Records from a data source
____
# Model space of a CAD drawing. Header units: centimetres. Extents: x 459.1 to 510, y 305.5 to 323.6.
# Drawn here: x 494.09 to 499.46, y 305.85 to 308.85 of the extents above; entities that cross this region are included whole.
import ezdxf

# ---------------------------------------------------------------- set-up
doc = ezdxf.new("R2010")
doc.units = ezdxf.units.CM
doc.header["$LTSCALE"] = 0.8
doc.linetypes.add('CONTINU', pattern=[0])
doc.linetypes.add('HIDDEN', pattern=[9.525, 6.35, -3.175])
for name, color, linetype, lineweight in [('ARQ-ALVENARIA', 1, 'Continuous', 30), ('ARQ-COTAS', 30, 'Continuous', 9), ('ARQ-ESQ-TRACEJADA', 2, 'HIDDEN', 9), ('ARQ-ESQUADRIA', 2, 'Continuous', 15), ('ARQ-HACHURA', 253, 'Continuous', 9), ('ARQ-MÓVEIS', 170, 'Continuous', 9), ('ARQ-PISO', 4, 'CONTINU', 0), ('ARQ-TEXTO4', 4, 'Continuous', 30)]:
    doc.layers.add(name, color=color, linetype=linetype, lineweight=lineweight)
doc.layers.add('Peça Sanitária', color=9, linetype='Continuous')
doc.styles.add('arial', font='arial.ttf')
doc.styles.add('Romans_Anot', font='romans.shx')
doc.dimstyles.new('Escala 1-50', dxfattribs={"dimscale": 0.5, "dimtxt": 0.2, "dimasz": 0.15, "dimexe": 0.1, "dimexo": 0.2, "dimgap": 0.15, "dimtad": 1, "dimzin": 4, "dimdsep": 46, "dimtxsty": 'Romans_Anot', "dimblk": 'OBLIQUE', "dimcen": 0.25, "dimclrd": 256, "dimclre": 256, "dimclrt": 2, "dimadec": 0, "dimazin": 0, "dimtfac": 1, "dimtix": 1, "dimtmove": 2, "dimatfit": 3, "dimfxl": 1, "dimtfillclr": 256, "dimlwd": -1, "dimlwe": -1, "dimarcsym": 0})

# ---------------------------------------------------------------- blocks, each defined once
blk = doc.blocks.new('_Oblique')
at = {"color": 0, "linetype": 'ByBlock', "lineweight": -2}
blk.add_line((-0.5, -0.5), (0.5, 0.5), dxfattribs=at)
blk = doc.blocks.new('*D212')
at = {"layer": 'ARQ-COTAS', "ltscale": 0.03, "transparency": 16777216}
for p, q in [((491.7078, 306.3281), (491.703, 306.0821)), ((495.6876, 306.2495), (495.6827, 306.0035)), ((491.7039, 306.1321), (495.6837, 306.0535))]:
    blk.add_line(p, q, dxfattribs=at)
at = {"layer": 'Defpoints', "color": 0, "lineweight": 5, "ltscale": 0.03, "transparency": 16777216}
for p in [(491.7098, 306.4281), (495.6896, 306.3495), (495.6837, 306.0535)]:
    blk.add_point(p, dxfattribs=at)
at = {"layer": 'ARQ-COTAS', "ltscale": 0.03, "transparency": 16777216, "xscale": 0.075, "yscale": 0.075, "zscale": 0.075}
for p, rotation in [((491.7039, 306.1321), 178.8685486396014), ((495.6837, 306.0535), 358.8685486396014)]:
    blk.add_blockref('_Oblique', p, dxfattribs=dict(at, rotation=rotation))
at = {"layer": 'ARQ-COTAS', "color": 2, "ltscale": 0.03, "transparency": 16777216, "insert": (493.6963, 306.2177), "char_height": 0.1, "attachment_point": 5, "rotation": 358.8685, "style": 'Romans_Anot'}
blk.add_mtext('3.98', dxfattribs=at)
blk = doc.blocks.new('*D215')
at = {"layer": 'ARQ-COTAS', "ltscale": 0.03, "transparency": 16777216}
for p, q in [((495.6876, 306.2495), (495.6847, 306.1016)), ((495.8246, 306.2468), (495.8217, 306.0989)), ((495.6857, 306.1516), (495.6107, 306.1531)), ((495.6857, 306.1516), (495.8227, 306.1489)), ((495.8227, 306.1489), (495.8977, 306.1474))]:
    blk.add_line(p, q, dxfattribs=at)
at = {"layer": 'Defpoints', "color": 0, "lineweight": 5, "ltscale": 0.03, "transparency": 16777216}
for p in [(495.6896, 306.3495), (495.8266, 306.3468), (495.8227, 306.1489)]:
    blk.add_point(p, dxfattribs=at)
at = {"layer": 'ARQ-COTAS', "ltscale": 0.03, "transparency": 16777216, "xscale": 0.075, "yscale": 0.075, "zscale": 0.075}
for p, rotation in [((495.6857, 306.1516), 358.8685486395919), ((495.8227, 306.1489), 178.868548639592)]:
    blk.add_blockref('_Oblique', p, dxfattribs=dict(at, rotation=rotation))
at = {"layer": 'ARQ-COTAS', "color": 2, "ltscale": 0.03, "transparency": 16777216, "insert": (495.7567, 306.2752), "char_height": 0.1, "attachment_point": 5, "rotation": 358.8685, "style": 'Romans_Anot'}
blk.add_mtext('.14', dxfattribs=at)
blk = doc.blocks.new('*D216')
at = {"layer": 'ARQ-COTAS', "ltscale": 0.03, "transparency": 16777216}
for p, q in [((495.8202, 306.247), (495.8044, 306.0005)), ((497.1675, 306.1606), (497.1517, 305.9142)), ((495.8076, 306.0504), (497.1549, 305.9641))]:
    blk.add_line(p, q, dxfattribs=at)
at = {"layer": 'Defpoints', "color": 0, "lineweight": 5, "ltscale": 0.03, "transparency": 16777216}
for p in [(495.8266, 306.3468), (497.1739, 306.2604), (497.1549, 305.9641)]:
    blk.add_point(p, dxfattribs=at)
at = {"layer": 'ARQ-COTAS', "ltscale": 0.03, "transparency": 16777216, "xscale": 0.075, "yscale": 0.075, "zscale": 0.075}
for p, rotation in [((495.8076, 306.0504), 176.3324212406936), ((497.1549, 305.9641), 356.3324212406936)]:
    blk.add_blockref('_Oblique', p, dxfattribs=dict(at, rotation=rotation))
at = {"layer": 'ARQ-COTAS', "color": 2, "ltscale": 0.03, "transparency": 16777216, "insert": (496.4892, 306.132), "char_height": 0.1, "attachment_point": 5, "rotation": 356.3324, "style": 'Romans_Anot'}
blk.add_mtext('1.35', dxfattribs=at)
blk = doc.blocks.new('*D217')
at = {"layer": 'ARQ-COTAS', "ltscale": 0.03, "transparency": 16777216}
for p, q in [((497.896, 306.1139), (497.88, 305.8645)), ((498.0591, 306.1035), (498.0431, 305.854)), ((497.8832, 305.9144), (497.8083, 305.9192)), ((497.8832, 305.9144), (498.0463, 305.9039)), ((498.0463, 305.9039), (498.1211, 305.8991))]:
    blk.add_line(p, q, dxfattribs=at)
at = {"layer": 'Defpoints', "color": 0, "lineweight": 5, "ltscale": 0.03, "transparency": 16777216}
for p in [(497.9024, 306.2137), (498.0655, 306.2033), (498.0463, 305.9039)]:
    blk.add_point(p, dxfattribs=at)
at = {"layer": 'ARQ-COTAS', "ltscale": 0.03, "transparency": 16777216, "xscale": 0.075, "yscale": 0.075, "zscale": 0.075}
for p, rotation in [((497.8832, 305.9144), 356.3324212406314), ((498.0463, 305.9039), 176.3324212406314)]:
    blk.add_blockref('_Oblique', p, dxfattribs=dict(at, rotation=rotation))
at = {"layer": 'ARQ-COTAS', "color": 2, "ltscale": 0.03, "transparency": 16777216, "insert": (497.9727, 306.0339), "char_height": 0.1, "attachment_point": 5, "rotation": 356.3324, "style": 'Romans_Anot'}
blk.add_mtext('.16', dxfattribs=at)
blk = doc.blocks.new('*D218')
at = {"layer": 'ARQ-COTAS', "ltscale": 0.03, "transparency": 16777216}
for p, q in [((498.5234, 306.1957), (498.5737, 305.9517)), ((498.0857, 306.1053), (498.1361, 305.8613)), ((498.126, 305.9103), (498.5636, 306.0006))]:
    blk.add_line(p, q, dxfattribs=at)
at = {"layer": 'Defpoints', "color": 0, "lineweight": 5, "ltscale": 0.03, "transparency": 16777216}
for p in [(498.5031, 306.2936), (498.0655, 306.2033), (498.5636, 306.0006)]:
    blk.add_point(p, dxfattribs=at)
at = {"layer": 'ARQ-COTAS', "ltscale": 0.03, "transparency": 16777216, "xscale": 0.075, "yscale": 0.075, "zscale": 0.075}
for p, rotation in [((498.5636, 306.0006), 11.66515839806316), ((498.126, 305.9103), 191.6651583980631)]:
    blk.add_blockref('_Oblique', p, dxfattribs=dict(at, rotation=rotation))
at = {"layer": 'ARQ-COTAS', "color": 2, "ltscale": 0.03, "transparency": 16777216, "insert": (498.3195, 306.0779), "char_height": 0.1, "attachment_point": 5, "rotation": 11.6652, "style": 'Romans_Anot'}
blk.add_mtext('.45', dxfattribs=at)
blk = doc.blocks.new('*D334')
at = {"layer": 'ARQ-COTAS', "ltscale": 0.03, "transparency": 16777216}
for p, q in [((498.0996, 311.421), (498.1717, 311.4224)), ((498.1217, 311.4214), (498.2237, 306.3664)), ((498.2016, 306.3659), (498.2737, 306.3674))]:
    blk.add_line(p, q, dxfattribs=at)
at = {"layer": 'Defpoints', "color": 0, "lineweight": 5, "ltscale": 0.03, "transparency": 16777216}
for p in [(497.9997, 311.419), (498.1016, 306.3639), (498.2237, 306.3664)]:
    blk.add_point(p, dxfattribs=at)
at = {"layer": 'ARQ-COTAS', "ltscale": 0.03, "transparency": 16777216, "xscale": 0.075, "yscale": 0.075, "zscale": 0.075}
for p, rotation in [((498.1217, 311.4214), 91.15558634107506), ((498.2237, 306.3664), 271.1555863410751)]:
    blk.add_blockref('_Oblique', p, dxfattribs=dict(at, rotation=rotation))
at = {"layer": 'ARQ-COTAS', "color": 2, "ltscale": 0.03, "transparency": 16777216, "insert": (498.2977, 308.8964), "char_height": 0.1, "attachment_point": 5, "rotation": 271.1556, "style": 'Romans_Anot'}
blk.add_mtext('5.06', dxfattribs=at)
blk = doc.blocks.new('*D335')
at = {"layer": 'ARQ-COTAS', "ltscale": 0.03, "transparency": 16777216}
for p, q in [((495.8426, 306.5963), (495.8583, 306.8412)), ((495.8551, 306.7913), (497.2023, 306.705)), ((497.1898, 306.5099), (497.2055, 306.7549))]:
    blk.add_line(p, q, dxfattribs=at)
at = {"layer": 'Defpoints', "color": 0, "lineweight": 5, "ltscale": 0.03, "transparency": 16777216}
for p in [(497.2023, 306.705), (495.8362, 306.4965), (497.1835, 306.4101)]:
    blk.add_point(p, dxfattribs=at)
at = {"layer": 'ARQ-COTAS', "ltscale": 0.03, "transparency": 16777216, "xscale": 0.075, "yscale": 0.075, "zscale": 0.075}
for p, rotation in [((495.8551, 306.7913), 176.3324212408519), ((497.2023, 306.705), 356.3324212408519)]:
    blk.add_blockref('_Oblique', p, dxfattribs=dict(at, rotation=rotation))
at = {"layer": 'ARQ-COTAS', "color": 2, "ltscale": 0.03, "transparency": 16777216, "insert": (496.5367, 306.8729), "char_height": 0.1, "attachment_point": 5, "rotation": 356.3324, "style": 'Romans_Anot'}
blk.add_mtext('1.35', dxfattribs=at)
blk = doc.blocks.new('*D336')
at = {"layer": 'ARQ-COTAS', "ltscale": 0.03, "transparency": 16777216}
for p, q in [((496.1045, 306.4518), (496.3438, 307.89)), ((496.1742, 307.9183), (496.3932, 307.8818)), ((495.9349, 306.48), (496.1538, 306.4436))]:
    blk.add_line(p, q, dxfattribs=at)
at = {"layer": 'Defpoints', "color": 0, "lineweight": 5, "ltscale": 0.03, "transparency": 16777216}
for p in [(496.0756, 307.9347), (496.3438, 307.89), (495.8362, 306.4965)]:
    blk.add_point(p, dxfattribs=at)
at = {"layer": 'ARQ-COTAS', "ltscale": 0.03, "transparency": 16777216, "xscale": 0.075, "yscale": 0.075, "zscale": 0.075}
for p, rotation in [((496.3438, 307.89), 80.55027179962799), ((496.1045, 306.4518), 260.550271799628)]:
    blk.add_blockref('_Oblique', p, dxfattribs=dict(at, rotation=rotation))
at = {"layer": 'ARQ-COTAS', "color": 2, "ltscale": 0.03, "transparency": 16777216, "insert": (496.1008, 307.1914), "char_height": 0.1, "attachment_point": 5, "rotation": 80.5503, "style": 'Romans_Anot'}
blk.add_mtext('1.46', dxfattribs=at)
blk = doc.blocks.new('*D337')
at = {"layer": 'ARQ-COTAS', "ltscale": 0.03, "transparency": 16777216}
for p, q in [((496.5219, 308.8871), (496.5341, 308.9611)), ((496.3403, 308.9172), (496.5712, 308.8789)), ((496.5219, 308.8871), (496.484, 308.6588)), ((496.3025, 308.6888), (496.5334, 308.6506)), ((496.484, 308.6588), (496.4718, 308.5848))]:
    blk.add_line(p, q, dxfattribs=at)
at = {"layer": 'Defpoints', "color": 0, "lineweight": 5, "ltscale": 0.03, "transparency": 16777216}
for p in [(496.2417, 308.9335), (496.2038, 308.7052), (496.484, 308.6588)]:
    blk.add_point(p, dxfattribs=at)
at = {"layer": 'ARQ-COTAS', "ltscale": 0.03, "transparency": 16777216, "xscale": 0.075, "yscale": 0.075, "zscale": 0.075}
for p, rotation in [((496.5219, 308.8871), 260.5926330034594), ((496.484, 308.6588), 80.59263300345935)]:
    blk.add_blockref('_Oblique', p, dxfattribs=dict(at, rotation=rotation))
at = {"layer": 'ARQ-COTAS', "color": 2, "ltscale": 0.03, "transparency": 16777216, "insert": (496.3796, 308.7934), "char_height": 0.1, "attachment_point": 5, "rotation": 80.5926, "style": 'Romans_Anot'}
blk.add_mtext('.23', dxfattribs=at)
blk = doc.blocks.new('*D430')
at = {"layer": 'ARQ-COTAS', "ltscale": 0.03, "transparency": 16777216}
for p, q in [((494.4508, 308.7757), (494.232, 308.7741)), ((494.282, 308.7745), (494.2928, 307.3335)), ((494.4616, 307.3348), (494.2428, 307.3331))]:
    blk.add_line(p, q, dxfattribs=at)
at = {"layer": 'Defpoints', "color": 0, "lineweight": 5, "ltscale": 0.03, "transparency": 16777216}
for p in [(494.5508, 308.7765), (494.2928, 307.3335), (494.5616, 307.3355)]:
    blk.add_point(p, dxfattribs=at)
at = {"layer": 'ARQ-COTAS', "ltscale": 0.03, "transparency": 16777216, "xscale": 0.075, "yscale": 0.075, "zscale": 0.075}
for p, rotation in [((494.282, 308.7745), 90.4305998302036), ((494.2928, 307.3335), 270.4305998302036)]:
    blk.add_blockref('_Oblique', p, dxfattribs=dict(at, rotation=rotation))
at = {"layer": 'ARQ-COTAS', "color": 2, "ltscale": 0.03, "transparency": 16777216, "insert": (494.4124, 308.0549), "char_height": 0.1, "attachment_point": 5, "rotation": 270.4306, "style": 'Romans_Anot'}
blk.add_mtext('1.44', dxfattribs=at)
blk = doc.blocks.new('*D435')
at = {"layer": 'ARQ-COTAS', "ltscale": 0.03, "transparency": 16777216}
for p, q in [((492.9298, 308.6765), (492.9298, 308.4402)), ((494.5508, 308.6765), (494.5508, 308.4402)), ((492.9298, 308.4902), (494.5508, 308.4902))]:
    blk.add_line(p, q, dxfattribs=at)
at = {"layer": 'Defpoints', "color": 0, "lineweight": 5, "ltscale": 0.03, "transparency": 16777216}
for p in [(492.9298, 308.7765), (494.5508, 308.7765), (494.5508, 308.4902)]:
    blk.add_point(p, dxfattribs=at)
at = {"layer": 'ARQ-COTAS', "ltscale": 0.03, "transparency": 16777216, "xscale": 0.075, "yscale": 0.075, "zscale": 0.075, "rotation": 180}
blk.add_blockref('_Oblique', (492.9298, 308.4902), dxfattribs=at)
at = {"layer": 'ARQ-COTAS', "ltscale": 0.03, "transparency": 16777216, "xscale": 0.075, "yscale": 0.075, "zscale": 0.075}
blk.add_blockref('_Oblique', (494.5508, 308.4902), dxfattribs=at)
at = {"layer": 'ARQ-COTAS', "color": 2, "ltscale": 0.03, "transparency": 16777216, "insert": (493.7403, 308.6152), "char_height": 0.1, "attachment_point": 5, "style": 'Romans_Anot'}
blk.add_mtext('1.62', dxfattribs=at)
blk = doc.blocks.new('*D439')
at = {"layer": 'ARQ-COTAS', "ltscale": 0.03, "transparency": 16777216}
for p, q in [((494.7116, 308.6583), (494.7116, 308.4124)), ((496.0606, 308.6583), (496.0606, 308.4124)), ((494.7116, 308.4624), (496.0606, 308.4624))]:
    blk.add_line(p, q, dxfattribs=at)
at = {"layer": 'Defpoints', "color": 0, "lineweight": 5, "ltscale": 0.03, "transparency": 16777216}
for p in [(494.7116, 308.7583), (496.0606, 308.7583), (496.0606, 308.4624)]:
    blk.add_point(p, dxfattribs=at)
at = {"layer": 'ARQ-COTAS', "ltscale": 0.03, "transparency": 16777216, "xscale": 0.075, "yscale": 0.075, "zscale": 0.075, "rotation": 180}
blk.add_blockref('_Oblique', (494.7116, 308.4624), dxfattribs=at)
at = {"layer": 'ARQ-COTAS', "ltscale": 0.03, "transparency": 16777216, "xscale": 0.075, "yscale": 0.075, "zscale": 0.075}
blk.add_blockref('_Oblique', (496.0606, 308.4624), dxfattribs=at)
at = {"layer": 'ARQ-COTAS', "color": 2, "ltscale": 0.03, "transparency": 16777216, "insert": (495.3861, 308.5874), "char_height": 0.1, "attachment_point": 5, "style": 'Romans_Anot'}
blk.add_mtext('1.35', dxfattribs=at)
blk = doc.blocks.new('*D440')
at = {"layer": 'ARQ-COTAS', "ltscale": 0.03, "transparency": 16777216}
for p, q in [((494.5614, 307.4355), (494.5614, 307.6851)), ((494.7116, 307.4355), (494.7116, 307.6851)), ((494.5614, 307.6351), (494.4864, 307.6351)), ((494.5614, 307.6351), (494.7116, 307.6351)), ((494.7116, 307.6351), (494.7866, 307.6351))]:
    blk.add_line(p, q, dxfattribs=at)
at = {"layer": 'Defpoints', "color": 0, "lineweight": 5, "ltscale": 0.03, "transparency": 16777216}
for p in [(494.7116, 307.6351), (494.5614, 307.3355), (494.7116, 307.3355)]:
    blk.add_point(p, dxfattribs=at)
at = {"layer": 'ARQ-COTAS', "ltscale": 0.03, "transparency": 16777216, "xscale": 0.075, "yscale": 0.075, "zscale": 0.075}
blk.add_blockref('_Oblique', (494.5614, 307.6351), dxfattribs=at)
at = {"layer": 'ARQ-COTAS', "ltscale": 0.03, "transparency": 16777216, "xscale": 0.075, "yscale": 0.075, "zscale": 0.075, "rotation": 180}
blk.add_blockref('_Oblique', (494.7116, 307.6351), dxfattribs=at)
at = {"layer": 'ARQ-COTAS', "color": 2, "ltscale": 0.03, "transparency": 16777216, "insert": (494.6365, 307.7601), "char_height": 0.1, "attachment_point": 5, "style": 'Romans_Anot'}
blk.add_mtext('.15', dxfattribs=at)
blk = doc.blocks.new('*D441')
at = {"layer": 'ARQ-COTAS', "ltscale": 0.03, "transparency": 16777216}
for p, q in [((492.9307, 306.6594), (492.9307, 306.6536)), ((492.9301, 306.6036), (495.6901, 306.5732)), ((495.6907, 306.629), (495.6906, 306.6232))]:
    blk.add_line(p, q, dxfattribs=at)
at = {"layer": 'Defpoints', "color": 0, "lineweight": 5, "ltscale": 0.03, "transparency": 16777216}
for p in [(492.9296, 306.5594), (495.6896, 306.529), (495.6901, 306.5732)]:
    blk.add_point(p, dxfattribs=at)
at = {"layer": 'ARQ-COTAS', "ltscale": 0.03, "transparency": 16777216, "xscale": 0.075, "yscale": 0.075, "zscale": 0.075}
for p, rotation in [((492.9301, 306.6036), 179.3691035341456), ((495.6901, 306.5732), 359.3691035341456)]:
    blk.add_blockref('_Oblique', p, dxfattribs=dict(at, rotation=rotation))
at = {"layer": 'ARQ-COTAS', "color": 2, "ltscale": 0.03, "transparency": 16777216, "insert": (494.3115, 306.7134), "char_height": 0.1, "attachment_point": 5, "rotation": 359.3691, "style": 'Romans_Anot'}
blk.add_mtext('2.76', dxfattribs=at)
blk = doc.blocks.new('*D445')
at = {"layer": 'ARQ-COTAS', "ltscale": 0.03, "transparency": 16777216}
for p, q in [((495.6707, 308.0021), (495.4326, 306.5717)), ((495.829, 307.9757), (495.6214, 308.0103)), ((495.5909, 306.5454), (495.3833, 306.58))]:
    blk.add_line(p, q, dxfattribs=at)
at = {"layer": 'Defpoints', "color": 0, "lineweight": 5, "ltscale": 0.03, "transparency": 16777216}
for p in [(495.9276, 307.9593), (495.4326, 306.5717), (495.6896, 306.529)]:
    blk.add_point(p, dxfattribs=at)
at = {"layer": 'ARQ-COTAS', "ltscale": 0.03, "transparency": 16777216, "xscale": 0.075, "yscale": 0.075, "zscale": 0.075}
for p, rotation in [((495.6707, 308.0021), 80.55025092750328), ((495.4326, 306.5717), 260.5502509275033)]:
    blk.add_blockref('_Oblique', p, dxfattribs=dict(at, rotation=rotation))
____
Action item: Every line that contains the string "name" should be copied from the records.

Task answer:
for name, color, linetype, lineweight in [('ARQ-ALVENARIA', 1, 'Continuous', 30), ('ARQ-COTAS', 30, 'Continuous', 9), ('ARQ-ESQ-TRACEJADA', 2, 'HIDDEN', 9), ('ARQ-ESQUADRIA', 2, 'Continuous', 15), ('ARQ-HACHURA', 253, 'Continuous', 9), ('ARQ-MÓVEIS', 170, 'Continuous', 9), ('ARQ-PISO', 4, 'CONTINU', 0), ('ARQ-TEXTO4', 4, 'Continuous', 30)]:
    doc.layers.add(name, color=color, linetype=linetype, lineweight=lineweight)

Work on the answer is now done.